## EXERCISE REQUIREMENTS
Transcribe the lines from the start of the data below through the line with "We're going to", word for word and nothing more.

## INFORMATION SUPPLIED
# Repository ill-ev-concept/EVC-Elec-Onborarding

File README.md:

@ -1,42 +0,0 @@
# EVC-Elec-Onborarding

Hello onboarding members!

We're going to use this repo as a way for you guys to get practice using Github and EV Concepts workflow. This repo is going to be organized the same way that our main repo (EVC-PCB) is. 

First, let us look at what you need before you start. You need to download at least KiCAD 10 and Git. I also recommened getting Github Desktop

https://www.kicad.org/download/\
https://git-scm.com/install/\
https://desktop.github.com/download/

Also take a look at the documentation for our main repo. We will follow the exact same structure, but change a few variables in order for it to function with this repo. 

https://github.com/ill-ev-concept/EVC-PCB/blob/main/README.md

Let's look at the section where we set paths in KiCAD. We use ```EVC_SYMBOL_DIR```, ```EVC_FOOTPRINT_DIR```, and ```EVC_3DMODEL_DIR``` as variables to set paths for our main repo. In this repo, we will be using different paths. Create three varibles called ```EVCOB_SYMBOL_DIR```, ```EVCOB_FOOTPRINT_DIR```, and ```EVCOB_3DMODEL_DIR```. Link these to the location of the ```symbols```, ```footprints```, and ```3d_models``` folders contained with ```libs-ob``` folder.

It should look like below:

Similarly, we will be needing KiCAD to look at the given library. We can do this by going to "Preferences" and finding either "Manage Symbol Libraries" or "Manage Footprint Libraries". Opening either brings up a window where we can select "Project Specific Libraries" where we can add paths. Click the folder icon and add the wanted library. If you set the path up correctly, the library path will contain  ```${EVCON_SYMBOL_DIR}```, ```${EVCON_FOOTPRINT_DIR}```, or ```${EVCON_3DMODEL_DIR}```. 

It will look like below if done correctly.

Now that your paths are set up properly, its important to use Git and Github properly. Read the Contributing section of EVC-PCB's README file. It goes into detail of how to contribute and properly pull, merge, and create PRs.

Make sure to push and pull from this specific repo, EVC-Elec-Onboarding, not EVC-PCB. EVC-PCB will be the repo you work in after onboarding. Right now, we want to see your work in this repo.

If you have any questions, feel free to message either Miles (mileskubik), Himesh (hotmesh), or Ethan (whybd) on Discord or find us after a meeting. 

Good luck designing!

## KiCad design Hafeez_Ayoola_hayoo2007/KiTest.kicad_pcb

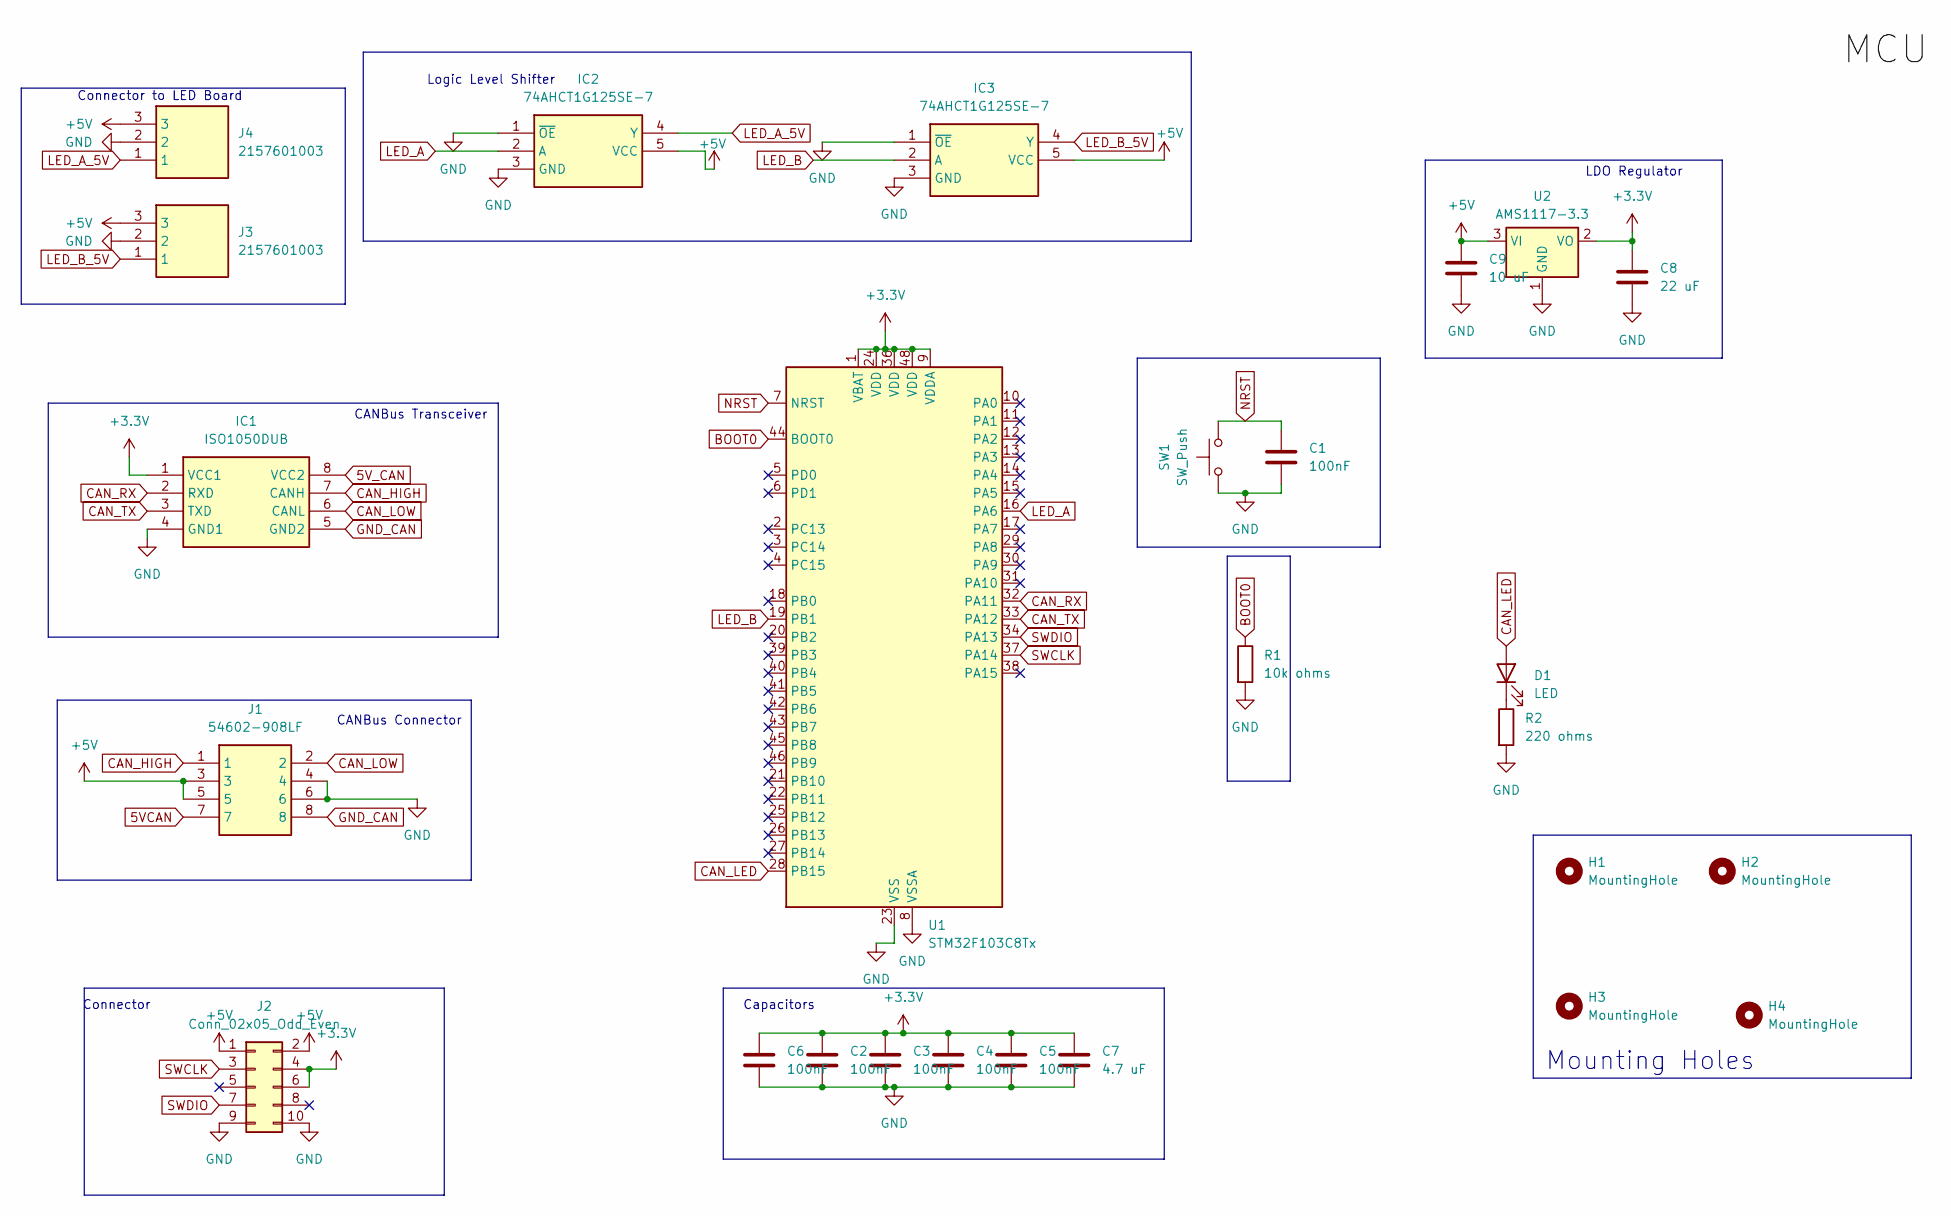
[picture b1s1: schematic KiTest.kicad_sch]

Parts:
C1, C2, C3, C4, C5, C6: 100nF; C_0805_2012Metric
C7: 4.7 uF; C_0805_2012Metric
C8: 22 uF; C_0805_2012Metric
C9: 10 uF; C_0805_2012Metric
D1: LED; D_0805_2012Metric
H1, H2, H3, H4: MountingHole; MountingHole_3.2mm_M3
IC1: ISO1050DUB; SOP-8_6.62x9.15mm_P2.54mm; Manufacturer_Part_Number ISO1050DUB; Mouser Part Number 595-ISO1050DUB
IC2, IC3: 74AHCT1G125SE-7; SOT-353_SC-70-5; Manufacturer_Part_Number 74AHCT1G125SE-7; Mouser Part Number 621-74AHCT1G125SE-7
J1: 54602-908LF; RJ45_Amphenol_54602-x08_Horizontal; Manufacturer_Part_Number 54602-908LF
J2: Conn_02x05_Odd_Even; PinHeader_2x05_P2.54mm_Vertical
J3, J4: 2157601003; Molex_Micro-Fit_3.0_43650-0300_1x03_P3.00mm_Horizontal; Manufacturer_Part_Number 2157601003
R1: 10k ohms; R_0805_2012Metric
R2: 220 ohms; R_0805_2012Metric
SW1: SW_Push; SW_SPST_EVQQ2
U1: STM32F103C8Tx; LQFP-48_7x7mm_P0.5mm
U2: AMS1117-3.3; SOT-223-3_TabPin2

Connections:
5VCAN: J1.7
5V_CAN: IC1.8 (VCC2)
+3.3V: C2.1, C3.1, C4.1, C5.1, C6.1, C7.1, C8.1, IC1.1 (VCC1), J2.4, J2.6, U1.1 (VBAT), U1.9 (VDDA), U1.24 (VDD), U1.36 (VDD), U1.48 (VDD), U2.2 (VO)
+5V: C9.1, IC2.5 (VCC), IC3.5 (VCC), J1.3, J1.5, J2.1, J2.2, J3.3, J4.3, U2.3 (VI)
BOOT0: R1.1, U1.44 (BOOT0)
CAN_HIGH: IC1.7 (CANH), J1.1
CAN_LED: D1.2 (A), U1.28 (PB15)
CAN_LOW: IC1.6 (CANL), J1.2
CAN_RX: IC1.2 (RXD), U1.32 (PA11)
CAN_TX: IC1.3 (TXD), U1.33 (PA12)
GND: C1.2, C2.2, C3.2, C4.2, C5.2, C6.2, C7.2, C8.2, C9.2, IC1.4 (GND1), IC2.1 (~OE), IC2.3 (GND), IC3.1 (~OE), IC3.3 (GND), J1.4, J1.6, J2.9, J2.10, J3.2, J4.2, R1.2, R2.2, SW1.1, U1.8 (VSSA), U1.23 (VSS), U1.35 (VSS), U1.47 (VSS), U2.1 (GND)
GND_CAN: IC1.5 (GND2), J1.8
LED_A: IC2.2 (A), U1.16 (PA6)
LED_A_5V: IC2.4 (Y), J4.1
LED_B: IC3.2 (A), U1.19 (PB1)
LED_B_5V: IC3.4 (Y), J3.1
NRST: C1.1, SW1.2, U1.7 (NRST)
unnamed: D1.1 (K), R2.1
SWCLK: J2.3, U1.37 (PA14)
SWDIO: J2.7, U1.34 (PA13)

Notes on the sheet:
Mounting Holes
LDO Regulator
CANBus Transceiver
Capacitors
Logic Level Shifter
Connector
CANBus Connector
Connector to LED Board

## RESULT FOR THIS TASK
# Repository ill-ev-concept/EVC-Elec-Onborarding

File README.md:

@ -1,42 +0,0 @@
# EVC-Elec-Onborarding

Hello onboarding members!

We're going to use this repo as a way for you guys to get practice using Github and EV Concepts workflow. This repo is going to be organized the same way that our main repo (EVC-PCB) is. 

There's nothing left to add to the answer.